One special tool that is needed to produce the locating rails for the fixture is a Melin A-2424-DP Drill Mill, Hss, 90 deg., 3/4″ x 1-11/16. It’s available for $38.79 from Zoro, PN# G4991380. While being simple, the stepped bore with chamfer that is placed on the 8020 #1575 extrusion mates with the pin to center it and locate quite precisely on the table raster. This is really the heart of what makes the SKYNET work, beyond the Cyberdyne adjustment layout.

“Skynet begins to learn at a geometric rate” – T-800 Terminator

Lastly, I think that it’s important for folks that build bikes to learn about actual frame geometry and design if they are going to be making a bike. Not many do this and the results are punishing. For this reason, I’m leaving out the math that is required to set this fixture to the users. Below is an example of driving parameters, fixture inputs, and settings. This is a simple enough spreadsheet to compile and important for the novice to produce prior to building bicycle frames.

This is an important part of learning how to design and build bicycles. You need to learn what the numbers mean and what they go into. Do this. 

Here is the sheet for the SKYNET fixture as shown above. Note that the plates can be mounted at any height and the math will correct for that and place the axii correctly. That’s the Cyberdyne System at work.

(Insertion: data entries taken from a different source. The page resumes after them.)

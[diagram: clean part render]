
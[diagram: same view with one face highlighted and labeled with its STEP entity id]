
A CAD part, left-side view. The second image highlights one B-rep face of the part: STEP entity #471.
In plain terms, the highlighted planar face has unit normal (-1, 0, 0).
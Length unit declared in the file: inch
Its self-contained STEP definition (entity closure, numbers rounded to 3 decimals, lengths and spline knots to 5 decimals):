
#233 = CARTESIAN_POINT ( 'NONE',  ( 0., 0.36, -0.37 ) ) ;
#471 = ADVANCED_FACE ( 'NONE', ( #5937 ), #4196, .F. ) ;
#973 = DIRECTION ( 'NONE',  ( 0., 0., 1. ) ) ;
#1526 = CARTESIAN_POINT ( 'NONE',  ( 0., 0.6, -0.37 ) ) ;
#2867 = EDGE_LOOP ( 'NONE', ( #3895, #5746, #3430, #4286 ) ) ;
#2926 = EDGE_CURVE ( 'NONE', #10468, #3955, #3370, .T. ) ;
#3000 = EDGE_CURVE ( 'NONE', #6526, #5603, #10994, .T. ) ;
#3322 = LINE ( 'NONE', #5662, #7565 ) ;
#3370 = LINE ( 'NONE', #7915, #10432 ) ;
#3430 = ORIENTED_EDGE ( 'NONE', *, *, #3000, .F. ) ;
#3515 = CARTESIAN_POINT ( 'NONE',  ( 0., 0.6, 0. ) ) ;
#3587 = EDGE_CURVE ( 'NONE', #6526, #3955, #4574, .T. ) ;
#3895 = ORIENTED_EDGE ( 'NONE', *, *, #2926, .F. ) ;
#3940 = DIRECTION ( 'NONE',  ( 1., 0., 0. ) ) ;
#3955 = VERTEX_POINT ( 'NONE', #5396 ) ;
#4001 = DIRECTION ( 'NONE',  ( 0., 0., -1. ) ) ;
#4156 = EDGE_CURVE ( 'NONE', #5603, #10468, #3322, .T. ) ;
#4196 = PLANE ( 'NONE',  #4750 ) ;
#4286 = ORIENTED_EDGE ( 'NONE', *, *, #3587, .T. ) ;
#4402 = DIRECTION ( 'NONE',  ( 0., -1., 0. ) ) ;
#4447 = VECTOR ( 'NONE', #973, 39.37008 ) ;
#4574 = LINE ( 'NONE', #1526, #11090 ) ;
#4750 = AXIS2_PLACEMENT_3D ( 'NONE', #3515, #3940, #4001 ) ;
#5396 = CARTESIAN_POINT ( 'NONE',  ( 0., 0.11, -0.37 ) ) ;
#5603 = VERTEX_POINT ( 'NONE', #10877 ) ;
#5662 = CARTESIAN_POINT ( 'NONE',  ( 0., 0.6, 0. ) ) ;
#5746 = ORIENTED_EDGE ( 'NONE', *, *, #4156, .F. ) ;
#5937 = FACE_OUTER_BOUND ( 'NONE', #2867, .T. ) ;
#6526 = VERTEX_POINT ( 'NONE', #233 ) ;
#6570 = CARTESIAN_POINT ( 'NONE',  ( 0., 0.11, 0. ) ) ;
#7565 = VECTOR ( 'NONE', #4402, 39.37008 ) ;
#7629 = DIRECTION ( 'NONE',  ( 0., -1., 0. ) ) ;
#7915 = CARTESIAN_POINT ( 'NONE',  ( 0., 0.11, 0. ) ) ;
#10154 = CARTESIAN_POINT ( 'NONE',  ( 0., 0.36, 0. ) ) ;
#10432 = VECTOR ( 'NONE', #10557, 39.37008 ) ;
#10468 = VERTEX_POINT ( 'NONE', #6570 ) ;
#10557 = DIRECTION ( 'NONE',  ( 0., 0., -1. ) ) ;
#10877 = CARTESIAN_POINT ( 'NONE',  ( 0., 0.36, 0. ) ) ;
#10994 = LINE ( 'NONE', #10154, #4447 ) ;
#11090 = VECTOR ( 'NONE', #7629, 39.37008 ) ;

Ben Land is in the process of producing this fixture. He is producing detailed drawings for making the parts. He is going to tolerance them and test the process. I believe that he will be sharing his journey on his YouTube channel so subscribe there for his updates.

When he is done building his fixture, I’ll share that, discuss his actual costs and issues that he may have had during construction.

I’m going to speculate that a fixture (as shown), on a MDF board could be constructed for less than $750. Show me a frame fixture that works this well for this little!